Problem requirements.
Word for word, restate the lines from the top of the records below through the line with "-17.3205080757), (-215.8218352628, -31.7403810568))", both included, with no pictures in the result.

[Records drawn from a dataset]
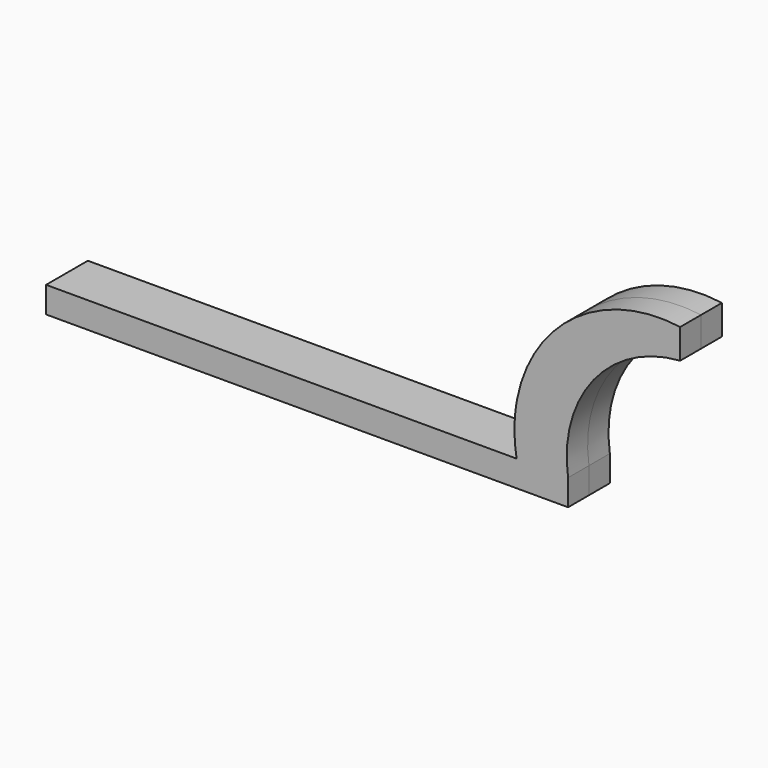
from build123d import *

# Parameters (mm, degrees)
F4_DEPTH = 53.34


# Not quite as in the source:
# - the program builds the solid bodies; features that only make, move or delete a surface that nothing else refers to are left out


with BuildPart() as f4:
    # F0 (on Front) → F4 (new body, symmetric)
    with BuildSketch(Plane.XZ):
        with BuildLine():
            Line((-548.9229032603, 53.3517466559), (-548.9229032603, 0))
            Line((-548.9229032603, 0), (517.8770967397, 0))
            Line((517.8770967397, 0), (517.8770967397, 53.3517466559))
            ThreePointArc((517.8770967397, 53.3517466559), (569.8826534338, 246.0368993204), (746.9217918528, 338.1742394829))
            Line((746.9217918528, 338.1742394829), (746.9217918528, 398.8678294032))
            ThreePointArc((746.9217918528, 398.8678294032), (533.7351343449, 346.9515616778), (414.162291011, 162.9782349944))
            ThreePointArc((414.162291011, 162.9782349944), (410.443214336, 139.7945515932), (408.564564689, 116.3897362155))
            ThreePointArc((408.564564689, 116.3897362155), (408.9628088542, 84.760149458), (412.718017276, 53.3517466559))
            Line((412.718017276, 53.3517466559), (111.3264834418, 53.3517466559))
            Line((111.3264834418, 53.3517466559), (78.2992156876, 53.3517466559))
            Line((78.2992156876, 53.3517466559), (0, 53.3517466559))
            Line((0, 53.3517466559), (-548.9229032603, 53.3517466559))
        make_face()
    extrude(amount=F4_DEPTH, both=True)


solid = f4.part
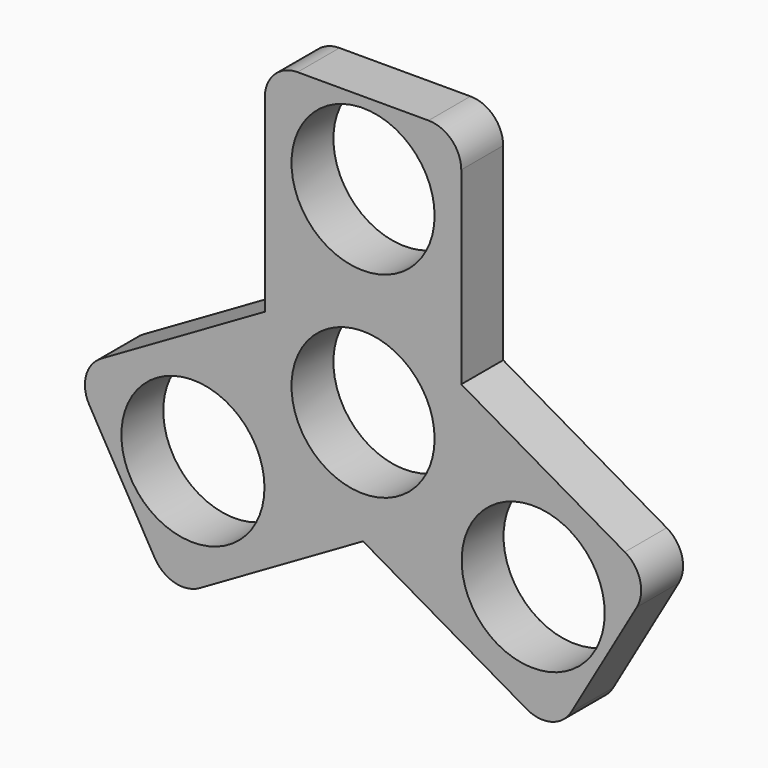
from build123d import *

# Parameters (mm, degrees)
F0_R     = 10.925
F1_DEPTH = 8


with BuildPart() as f1:
    # F0 (on Front) → F1 (new body)
    with BuildSketch(Plane.XZ):
        with BuildLine():
            Line((-225.7977879047, -8.6602540378), (-225.7977879047, -12.5))
            Line((-225.7977879047, -12.5), (-232.4484229994, -12.5))
            Line((-232.4484229994, -12.5), (-240.7977879047, -17.3205080757))
            Line((-240.7977879047, -17.3205080757), (-215.8218352628, -31.7403810568))
            ThreePointArc((-215.8218352628, -31.7403810568), (-212.0277400373, -32.2398831693), (-208.9917082439, -29.9102540378))
            Line((-208.9917082439, -29.9102540378), (-198.9917082439, -12.5897459622))
            ThreePointArc((-198.9917082439, -12.5897459622), (-198.4922061314, -8.7956507366), (-200.8218352628, -5.7596189432))
            Line((-200.8218352628, -5.7596189432), (-225.7977879047, 8.6602540378))
            Line((-225.7977879047, 8.6602540378), (-225.7977879047, -0.9807621135))
            Line((-225.7977879047, -0.9807621135), (-222.4724703574, -6.7403810568))
            Line((-222.4724703574, -6.7403810568), (-225.7977879047, -8.6602540378))
        make_face()
        with Locations((-214.8170257912, -15)):
            Circle(F0_R, mode=Mode.SUBTRACT)
        Polygon((-240.7977879047, -17.3205080757), (-232.4484229994, -12.5), (-249.1471528101, -12.5), align=None)
        with BuildLine():
            Line((-240.7977879047, -17.3205080757), (-249.1471528101, -12.5))
            Line((-249.1471528101, -12.5), (-255.7977879047, -12.5))
            Line((-255.7977879047, -12.5), (-255.7977879047, -8.6602540378))
            Line((-255.7977879047, -8.6602540378), (-259.123105452, -6.7403810568))
            Line((-259.123105452, -6.7403810568), (-255.7977879047, -0.9807621135))
            Line((-255.7977879047, -0.9807621135), (-255.7977879047, 8.6602540378))
            Line((-255.7977879047, 8.6602540378), (-280.7737405467, -5.7596189432))
            ThreePointArc((-280.7737405467, -5.7596189432), (-283.1033696781, -8.7956507366), (-282.6038675656, -12.5897459622))
            Line((-282.6038675656, -12.5897459622), (-272.6038675656, -29.9102540378))
            ThreePointArc((-272.6038675656, -29.9102540378), (-269.5678357722, -32.2398831693), (-265.7737405467, -31.7403810568))
            Line((-265.7737405467, -31.7403810568), (-240.7977879047, -17.3205080757))
        make_face()
        with Locations((-266.7785500183, -15)):
            Circle(F0_R, mode=Mode.SUBTRACT)
        Polygon((-234.1471528101, 13.4807621135), (-225.7977879047, -0.9807621135), (-225.7977879047, 8.6602540378), align=None)
        with BuildLine():
            Line((-234.1471528101, 13.4807621135), (-225.7977879047, 8.6602540378))
            Line((-225.7977879047, 8.6602540378), (-225.7977879047, 37.5))
            ThreePointArc((-225.7977879047, 37.5), (-227.2622539988, 41.0355339059), (-230.7977879047, 42.5))
            Line((-230.7977879047, 42.5), (-250.7977879047, 42.5))
            ThreePointArc((-250.7977879047, 42.5), (-254.3333218107, 41.0355339059), (-255.7977879047, 37.5))
            Line((-255.7977879047, 37.5), (-255.7977879047, 8.6602540378))
            Line((-255.7977879047, 8.6602540378), (-247.4484229994, 13.4807621135))
            Line((-247.4484229994, 13.4807621135), (-244.123105452, 19.2403810568))
            Line((-244.123105452, 19.2403810568), (-240.7977879047, 17.3205080757))
            Line((-240.7977879047, 17.3205080757), (-237.4724703574, 19.2403810568))
            Line((-237.4724703574, 19.2403810568), (-234.1471528101, 13.4807621135))
        make_face()
        with Locations((-240.7977879047, 30)):
            Circle(F0_R, mode=Mode.SUBTRACT)
        Polygon((-255.7977879047, 8.6602540378), (-255.7977879047, -0.9807621135), (-247.4484229994, 13.4807621135), align=None)
        Polygon((-247.4484229994, 13.4807621135), (-240.7977879047, 17.3205080757), (-244.123105452, 19.2403810568), align=None)
        Polygon((-240.7977879047, 17.3205080757), (-234.1471528101, 13.4807621135), (-237.4724703574, 19.2403810568), align=None)
        Polygon((-249.1471528101, -12.5), (-232.4484229994, -12.5), (-225.7977879047, -8.6602540378), (-225.7977879047, -0.9807621135), (-234.1471528101, 13.4807621135), (-240.7977879047, 17.3205080757), (-247.4484229994, 13.4807621135), (-255.7977879047, -0.9807621135), (-255.7977879047, -8.6602540378), align=None)
        with Locations((-240.7977879047, 0)):
            Circle(F0_R, mode=Mode.SUBTRACT)
        Polygon((-225.7977879047, -0.9807621135), (-225.7977879047, -8.6602540378), (-222.4724703574, -6.7403810568), align=None)
        Polygon((-232.4484229994, -12.5), (-225.7977879047, -12.5), (-225.7977879047, -8.6602540378), align=None)
        Polygon((-255.7977879047, -12.5), (-249.1471528101, -12.5), (-255.7977879047, -8.6602540378), align=None)
        Polygon((-259.123105452, -6.7403810568), (-255.7977879047, -8.6602540378), (-255.7977879047, -0.9807621135), align=None)
    extrude(amount=F1_DEPTH)


solid = f1.part

Solution to the problem.
from build123d import *

# Parameters (mm, degrees)
F4_DEPTH = 53.34


# Not quite as in the source:
# - the program builds the solid bodies; features that only make, move or delete a surface that nothing else refers to are left out


with BuildPart() as f4:
    # F0 (on Front) → F4 (new body, symmetric)
    with BuildSketch(Plane.XZ):
        with BuildLine():
            Line((-548.9229032603, 53.3517466559), (-548.9229032603, 0))
            Line((-548.9229032603, 0), (517.8770967397, 0))
            Line((517.8770967397, 0), (517.8770967397, 53.3517466559))
            ThreePointArc((517.8770967397, 53.3517466559), (569.8826534338, 246.0368993204), (746.9217918528, 338.1742394829))
            Line((746.9217918528, 338.1742394829), (746.9217918528, 398.8678294032))
            ThreePointArc((746.9217918528, 398.8678294032), (533.7351343449, 346.9515616778), (414.162291011, 162.9782349944))
            ThreePointArc((414.162291011, 162.9782349944), (410.443214336, 139.7945515932), (408.564564689, 116.3897362155))
            ThreePointArc((408.564564689, 116.3897362155), (408.9628088542, 84.760149458), (412.718017276, 53.3517466559))
            Line((412.718017276, 53.3517466559), (111.3264834418, 53.3517466559))
            Line((111.3264834418, 53.3517466559), (78.2992156876, 53.3517466559))
            Line((78.2992156876, 53.3517466559), (0, 53.3517466559))
            Line((0, 53.3517466559), (-548.9229032603, 53.3517466559))
        make_face()
    extrude(amount=F4_DEPTH, both=True)


solid = f4.part
from build123d import *

# Parameters (mm, degrees)
F0_R     = 10.925
F1_DEPTH = 8


with BuildPart() as f1:
    # F0 (on Front) → F1 (new body)
    with BuildSketch(Plane.XZ):
        with BuildLine():
            Line((-225.7977879047, -8.6602540378), (-225.7977879047, -12.5))
            Line((-225.7977879047, -12.5), (-232.4484229994, -12.5))
            Line((-232.4484229994, -12.5), (-240.7977879047, -17.3205080757))
            Line((-240.7977879047, -17.3205080757), (-215.8218352628, -31.7403810568))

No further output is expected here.